Here is an article on power supplies: https://drive.google.com/file/d/1r_mey6LXg4kmp6sX4U3lU-fDA72pXhfj/view?usp=sharing


----------



## Milton Fox Racing (May 27, 2014)

The above article addresses lap top power supply devices at the bottom of page 4 and then goes into how you can regulate (connect) it to the track. All of which may eat up the savings cost from the cheaper source that was (is) probably built into the more expensive (power source) device you asked about originally. And was more likely a plug (connect) and play set up.

:cheers2:


----------



## Hoganflagle (Sep 21, 2019)

I fear I have been wasting everyone's time but greatly appreciate your patience with me and all the helpful responses.

I hooked up a DC1 to one lane on one terminal section to see where my bad spots were. Boy did I have a bunch most of them were fixed by dragging a razor blade on the track but I have a few pieces I will replace. 

With only one terminal section connected I did not see any noticeable power drop anywhere but will still connect the 2nd anyway. The DC1 on one lane was more than enough as I discovered I need to put guardrails up on most of my curves.
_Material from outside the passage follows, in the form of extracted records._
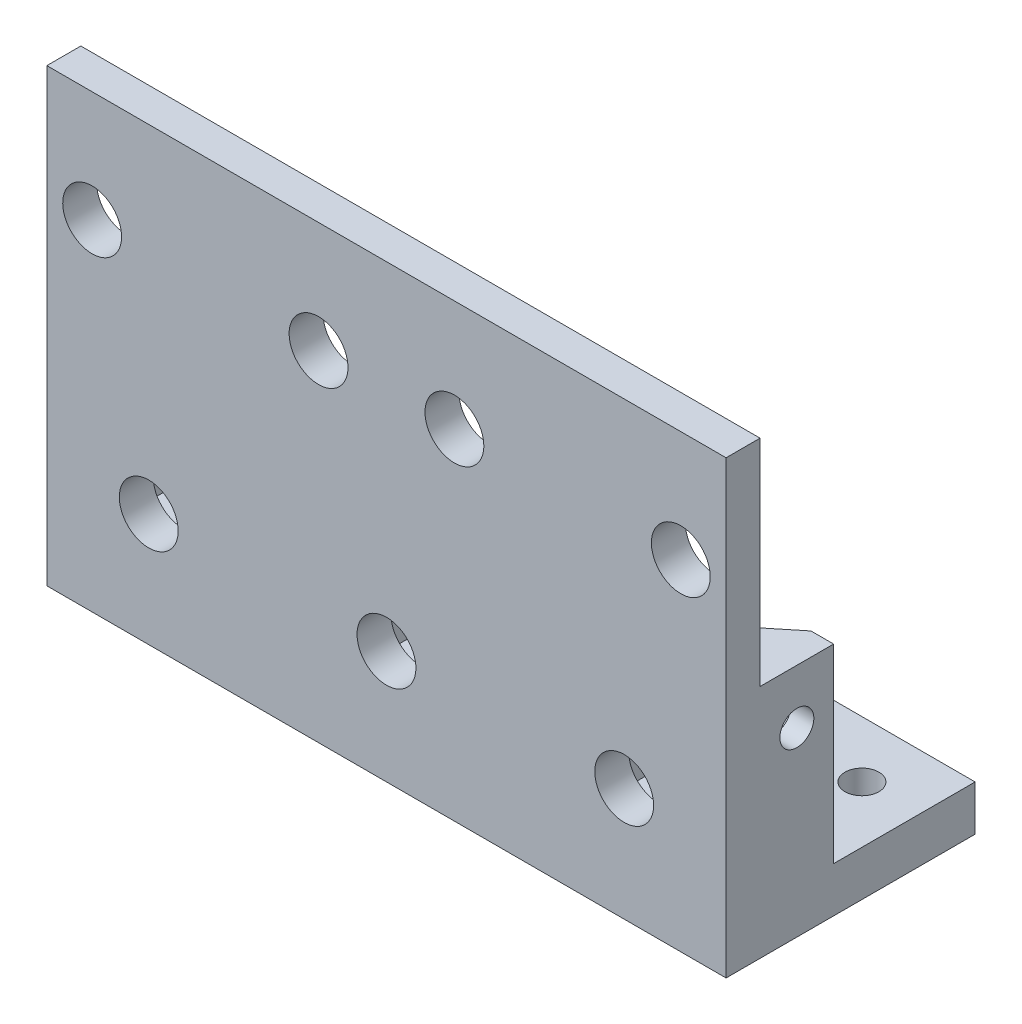
SolidWorks part; units mm, degrees
ref_plane "前视基准面" through (0, 0, 0) normal (0, 0, 1) x (1, 0, 0)
ref_plane "上视基准面" through (0, 0, 0) normal (0, 1, 0) x (1, 0, 0)
ref_plane "右视基准面" through (0, 0, 0) normal (1, 0, 0) x (0, 0, -1)
other "Configuration Table"
sketch "草图1" plane through (0, 0, 0) normal (1, 0, 0) x (0, 0, -1)
  line L1 (-1.5, 19.9) -> (1.5, 19.9)
  line L2 (-1.5, 19.9) -> (-1.5, -19.9)
  line L3 (-1.5, -19.9) -> (1.5, -19.9)
  line L4 (1.5, 19.9) -> (1.5, -0.1)
  line L5 (-1.5, 19.9) -> (1.5, -19.9) construction
  line L6 (-1.5, -19.9) -> (1.5, 19.9) construction
  line L8 (1.5, -19.9) -> (20.5, -19.9)
  line L11 (20.5, -19.9) -> (20.5, -15.9)
  line L12 (20.5, -15.9) -> (1.5, -0.1)
  point P0 (0, 0)
  dimension "D1" = 3
  dimension "D2" = 39.8
  dimension "D3" = 20
  dimension "D4" = 4
  dimension "D5" = 22
extrude "凸台-拉伸1" add sketch "草图1" along normal blind 60
ref_plane "基准面1" through (0, -15.9, 0) normal (0, -1, 0) x (-1, 0, 0)
sketch "草图2" plane through (0, -15.9, 0) normal (0, -1, 0) x (-1, 0, 0)
  line L1 (-60, 20.5) -> (-45, 20.5)
  line L2 (-60, 20.5) -> (-60, 1.5)
  line L3 (-60, 1.5) -> (-45, 1.5)
  line L4 (-45, 20.5) -> (-45, 1.5)
  line L5 (0, 20.5) -> (-15, 20.5)
  line L6 (0, 20.5) -> (0, 1.5)
  line L7 (0, 1.5) -> (-15, 1.5)
  line L8 (-15, 20.5) -> (-15, 1.5)
  line L13 (-30, 20.5) -> (-30, -1.5) construction
  line L14 (-60, 20.5) -> (0, 20.5) construction
  line L15 (-60, 1.5) -> (0, 1.5) construction
  line L16 (-60, -1.5) -> (0, -1.5) construction
  line L18 (-36, 1.5) -> (-24, 1.5)
  line L19 (-36, 1.5) -> (-36, 20.5)
  line L20 (-36, 20.5) -> (-24, 20.5)
  line L21 (-24, 1.5) -> (-24, 20.5)
  line L22 (-36, 1.5) -> (-24, 20.5) construction
  line L23 (-36, 20.5) -> (-24, 1.5) construction
  point P16 (-30, 11)
  dimension "D1" = 15
  dimension "D2" = 12
  dimension "D3" = 15
extrude "切除-拉伸1" cut sketch "草图2" against normal blind 60
hole_wizard "孔1" positions "草图3" profile "草图4" legacy end condition through all
sketch "草图3" plane through (0, 0, -1.5) normal (0, 0, -1) x (-1, 0, 0)
  line L2 (-60, -19.9) -> (0, -19.9) construction
  line L3 (-60, -15.9) -> (-60, 19.9) construction
  line L4 (0, -15.9) -> (0, 19.9) construction
  line L5 (-24, -0.1) -> (-24, -15.9) construction
  point P0 (-51, -9.9)
  point P2 (-30, -9.9)
  point P4 (-9, -9.9)
  dimension "D1" = 10
  dimension "D2" = 10
  dimension "D3" = 10
  dimension "D4" = 9
  dimension "D5" = 9
  dimension "D6" = 6
sketch "草图4" plane through (51, -9.9, -1.5) normal (1, 0, 0) x (0, 1, 0)
  line L0 (0, 0) -> (0, 3)
  line L1 (0, 3) -> (2.6, 3)
  line L2 (2.6, 3) -> (2.6, 0)
  line L3 (2.6, 0) -> (0, 0)
  line L4 (0, 110) -> (0, -10) construction
  dimension "直径" = 5.2
  dimension "深度" = 3
hole_wizard "孔2" positions "草图5" profile "草图6" legacy end condition through all
sketch "草图5" plane through (0, -19.9, 0) normal (0, -1, 0) x (-1, 0, 0)
  line L0 (-60, 20.5) -> (0, 20.5) construction
  line L1 (-60, -1.5) -> (-60, 20.5) construction
  line L2 (0, -1.5) -> (0, 20.5) construction
  point P0 (-55, 15.5)
  point P2 (-30, 15.5)
  point P4 (-5, 15.5)
  dimension "D1" = 5
  dimension "D2" = 5
  dimension "D3" = 5
  dimension "D4" = 5
  dimension "D5" = 5
sketch "草图6" plane through (55, -19.9, -15.5) normal (1, 0, 0) x (0, 0, -1)
  line L0 (0, 0) -> (0, 39.8)
  line L1 (0, 39.8) -> (1.5, 39.8)
  line L2 (1.5, 39.8) -> (1.5, 0)
  line L3 (1.5, 0) -> (0, 0)
  line L4 (0, 110) -> (0, -10) construction
  dimension "直径" = 3
  dimension "深度" = 39.8
sketch "草图7" plane through (0, 0, 0) normal (-1, 0, 0) x (0, 0, 1)
  line L0 (-1.5, -0.1) -> (-1.5, -15.9) construction
  line L1 (-1.5, -0.9) -> (-8, -0.9)
  line L2 (-1.5, -0.9) -> (-1.5, -6.9)
  line L4 (-8, -0.9) -> (-8, -6.9)
  line L5 (-14.212, -15.9) -> (14.212, -15.9) construction
  line L6 (-8, -3.9) -> (-1.5, -3.9) construction
  line L8 (-8, -6.9) -> (-8, -15.9)
  line L9 (-1.5, -15.9) -> (-20.5, -15.9) construction
  line L11 (-8, -15.9) -> (-1.5, -15.9)
  line L12 (-1.5, -6.9) -> (-1.5, -15.9)
  circle A0 centre (-4.75, -3.9) radius 1.5
  dimension "D2" = 3
  dimension "D1" = 15
  dimension "D3" = 6.5
extrude "凸台-拉伸2" add sketch "草图7" against normal blind 2
ref_plane "基准面2" through (30, 0, 0) normal (-1, 0, 0) x (0, 0, 1)
sketch "草图8" plane through (0, -0.9, 0) normal (0, 1, 0) x (1, 0, 0)
  line L0 (2, 8) -> (10, 1.5)
  line L1 (0, 8) -> (2, 8)
  line L2 (0, 8) -> (0, 1.5)
  line L3 (0, 1.5) -> (2, 1.5)
  line L5 (60, 1.5) -> (0, 1.5) construction
  line L6 (10, 1.5) -> (2, 1.5)
  dimension "D1" = 10
extrude "凸台-拉伸3" add sketch "草图8" along normal blind 1.8
hole_wizard "孔3" positions "3D草图1" profile "草图9" legacy end condition through all
sketch3d "3D草图1"
  line L0 (60, -15.9, -1.5) -> (60, 19.9, -1.5) construction
  line L1 (60, 19.9, -1.5) -> (0, 19.9, -1.5) construction
  point P0 (56, 10.1, -1.5)
  point P2 (36, 10.1, -1.5)
  point P16 (24, 10.1, -1.5)
  point P17 (4, 10.1, -1.5)
  dimension "D1" = 4
  dimension "D2" = 24
  dimension "D3" = 9.8
  dimension "D4" = 9.8
sketch "草图9" plane through (56, 10.1, -1.5) normal (1, 0, 0) x (0, 1, 0)
  line L0 (0, 0) -> (0, 3)
  line L1 (0, 3) -> (2.6, 3)
  line L2 (2.6, 3) -> (2.6, 0)
  line L3 (2.6, 0) -> (0, 0)
  line L4 (0, 110) -> (0, -10) construction
  dimension "直径" = 5.2
  dimension "深度" = 3
mirror "镜向1" about plane through (30, 0, 0) normal (-1, 0, 0) of "凸台-拉伸2", "凸台-拉伸3"
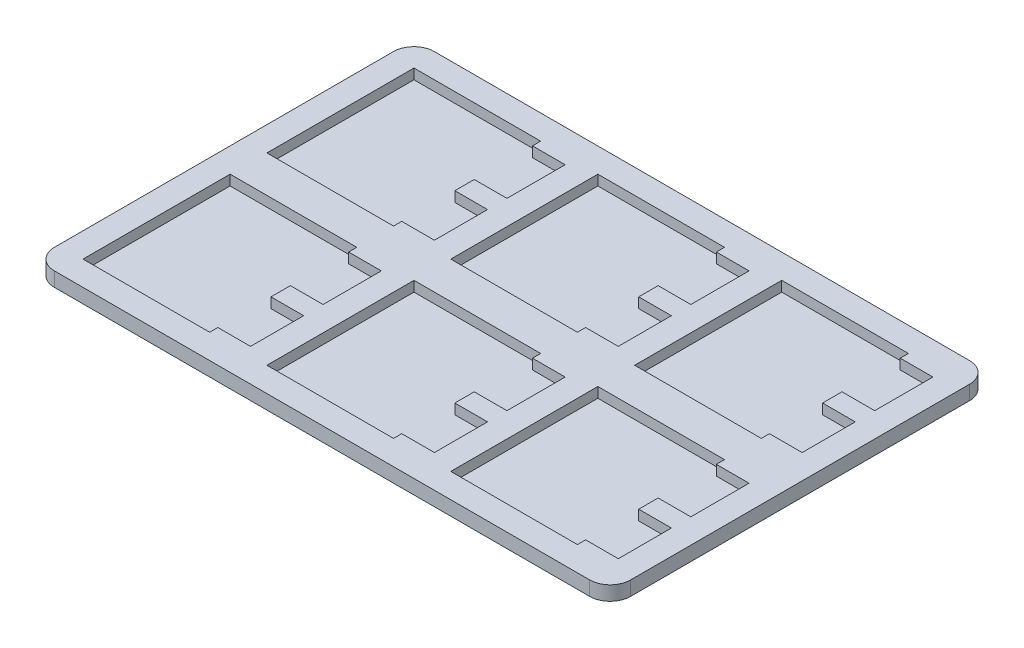
SolidWorks part; units mm, degrees
ref_plane "Front Plane" through (0, 0, 0) normal (0, 0, 1) x (1, 0, 0)
ref_plane "Top Plane" through (0, 0, 0) normal (0, 1, 0) x (1, 0, 0)
ref_plane "Right Plane" through (0, 0, 0) normal (1, 0, 0) x (0, 0, -1)
sketch "Sketch2" plane through (0, 0, 0) normal (0, 1, 0) x (1, 0, 0)
  line L1 (10, 0) -> (272, 0)
  line L2 (0, 10) -> (0, 175.95)
  line L3 (10, 185.95) -> (272, 185.95)
  line L4 (282, 10) -> (282, 175.95)
  arc A0 (272, 185.95) -> (282, 175.95) centre (272, 175.95) cw
  arc A1 (272, 0) -> (282, 10) centre (272, 10) ccw
  arc A2 (10, 0) -> (0, 10) centre (10, 10) cw
  arc A3 (0, 175.95) -> (10, 185.95) centre (10, 175.95) cw
  point P11 (0, 0)
  dimension "D1" = 10
  dimension "D2" = 165.95
  dimension "D3" = 262
extrude "Boss-Extrude1" add sketch "Sketch2" along normal blind 7
sketch "Sketch3" plane through (0, 7, 0) normal (0, 1, 0) x (1, 0, 0)
  line L0 (74, 16) -> (90, 16)
  line L1 (12, 12) -> (74, 12)
  line L2 (12, 12) -> (12, 84)
  line L3 (12, 84) -> (74, 84)
  line L4 (74, 12) -> (74, 16)
  line L5 (90, 16) -> (90, 42)
  line L6 (90, 42) -> (74, 42)
  line L7 (74, 42) -> (74, 51.5)
  line L8 (74, 80) -> (90, 80)
  line L9 (90, 80) -> (90, 51.5)
  line L10 (90, 51.5) -> (74, 51.5)
  line L11 (74, 80) -> (74, 84)
  line L12 (0, 175.95) -> (0, 10) construction
  line L13 (10, 0) -> (272, 0) construction
  line L14 (96, 0) -> (96, 190.7769) construction
  line L15 (180, 42) -> (164, 42)
  line L16 (164, 42) -> (164, 51.5)
  line L17 (180, 51.5) -> (164, 51.5)
  line L18 (180, 80) -> (180, 51.5)
  line L19 (164, 80) -> (180, 80)
  line L20 (164, 80) -> (164, 84)
  line L21 (102, 84) -> (164, 84)
  line L22 (102, 12) -> (102, 84)
  line L23 (102, 12) -> (164, 12)
  line L24 (164, 12) -> (164, 16)
  line L25 (164, 16) -> (180, 16)
  line L26 (180, 16) -> (180, 42)
  line L27 (270, 42) -> (254, 42)
  line L28 (254, 42) -> (254, 51.5)
  line L29 (270, 51.5) -> (254, 51.5)
  line L30 (270, 80) -> (270, 51.5)
  line L31 (254, 80) -> (270, 80)
  line L32 (254, 80) -> (254, 84)
  line L33 (192, 84) -> (254, 84)
  line L34 (192, 12) -> (192, 84)
  line L35 (192, 12) -> (254, 12)
  line L36 (254, 12) -> (254, 16)
  line L37 (254, 16) -> (270, 16)
  line L38 (270, 16) -> (270, 42)
  line L39 (180, 132) -> (164, 132)
  line L40 (164, 132) -> (164, 141.5)
  line L41 (180, 141.5) -> (164, 141.5)
  line L42 (180, 170) -> (180, 141.5)
  line L43 (164, 170) -> (180, 170)
  line L44 (164, 170) -> (164, 174)
  line L45 (102, 174) -> (164, 174)
  line L46 (102, 102) -> (102, 174)
  line L47 (102, 102) -> (164, 102)
  line L48 (164, 102) -> (164, 106)
  line L49 (164, 106) -> (180, 106)
  line L50 (180, 106) -> (180, 132)
  line L51 (270, 132) -> (254, 132)
  line L52 (254, 132) -> (254, 141.5)
  line L53 (270, 141.5) -> (254, 141.5)
  line L54 (270, 170) -> (270, 141.5)
  line L55 (254, 170) -> (270, 170)
  line L56 (254, 170) -> (254, 174)
  line L57 (192, 174) -> (254, 174)
  line L58 (192, 102) -> (192, 174)
  line L59 (192, 102) -> (254, 102)
  line L60 (254, 102) -> (254, 106)
  line L61 (254, 106) -> (270, 106)
  line L62 (270, 106) -> (270, 132)
  line L63 (90, 132) -> (74, 132)
  line L64 (74, 132) -> (74, 141.5)
  line L65 (90, 141.5) -> (74, 141.5)
  line L66 (90, 170) -> (90, 141.5)
  line L67 (74, 170) -> (90, 170)
  line L68 (74, 170) -> (74, 174)
  line L69 (12, 174) -> (74, 174)
  line L70 (12, 102) -> (12, 174)
  line L71 (12, 102) -> (74, 102)
  line L72 (74, 102) -> (74, 106)
  line L73 (74, 106) -> (90, 106)
  line L74 (90, 106) -> (90, 132)
  dimension "D1" = 72
  dimension "D2" = 62
  dimension "D3" = 4
  dimension "D4" = 9.5
  dimension "D5" = 16
  dimension "D6" = 4
  dimension "D7" = 6
  dimension "D8" = 16
  dimension "D9" = 12
  dimension "D10" = 12
  dimension "D11" = 3
  dimension "D12" = 2
extrude "Cut-Extrude1" cut sketch "Sketch3" against normal blind 5

Something I did notice. I am having some issues with some cheap slot car guide pins I bought and will need to go find some quality ones.


----------



## Rich Dumas (Sep 3, 2008)

What is a DC 2 power supply or a DC 1 for that matter? My article goes into great detail, but it is best to use a regulated power supply if you want to power more than one lane. Laptop power supplies are regulated. Both of the power supplies that you mentioned have very low outputs, about the same as a set type supply, I would not consider them to be an upgrade. 
It sounds to me like your track rails are corroded, you will have to remove the corrosion or no power supply will be an improvement. If the track rails are visibly rusted you might be wasting your time trying to clean it. Once steel has gotten rusty it is much more prone to further corrosion.


----------



## Hoganflagle (Sep 21, 2019)

*My bad.*



Rich Dumas said:


> What is a DC 2 power supply or a DC 1 for that matter? My article goes into great detail, but it is best to use a regulated power supply if you want to power more than one lane. Laptop power supplies are regulated. Both of the power supplies that you mentioned have very low outputs, about the same as a set type supply, I would not consider them to be an upgrade.
> It sounds to me like your track rails are corroded, you will have to remove the corrosion or no power supply will be an improvement. If the track rails are visibly rusted you might be wasting your time trying to clean it. Once steel has gotten rusty it is much more prone to further corrosion.


DC-1 is the model number of the original Aurora Model Motoring power supply. On the Modelmotorist.com web site it's output is listed at 18 VDC 12VA. At the posts my DC-1 is putting out 18 VDC. There is also an Aurora Model Motoring power supply shown there that is a model DC-2 that has an output of 20 VDC and 12VA. One definite drawback with these power supplies are that they do hum. I accidently left one on overnight and the next morning it wasn't humming it was buzzing like one of these electric etchers. Opened it up to see if there was any way to quiet it down but there wasn't so now I use it in the garage as a power source when working on track pieces or cars.









I will have a dedicated power supply for each lane. One power supply will be a train power supply that I can step back the power so that my granddaughter won't be wiping out on each curve.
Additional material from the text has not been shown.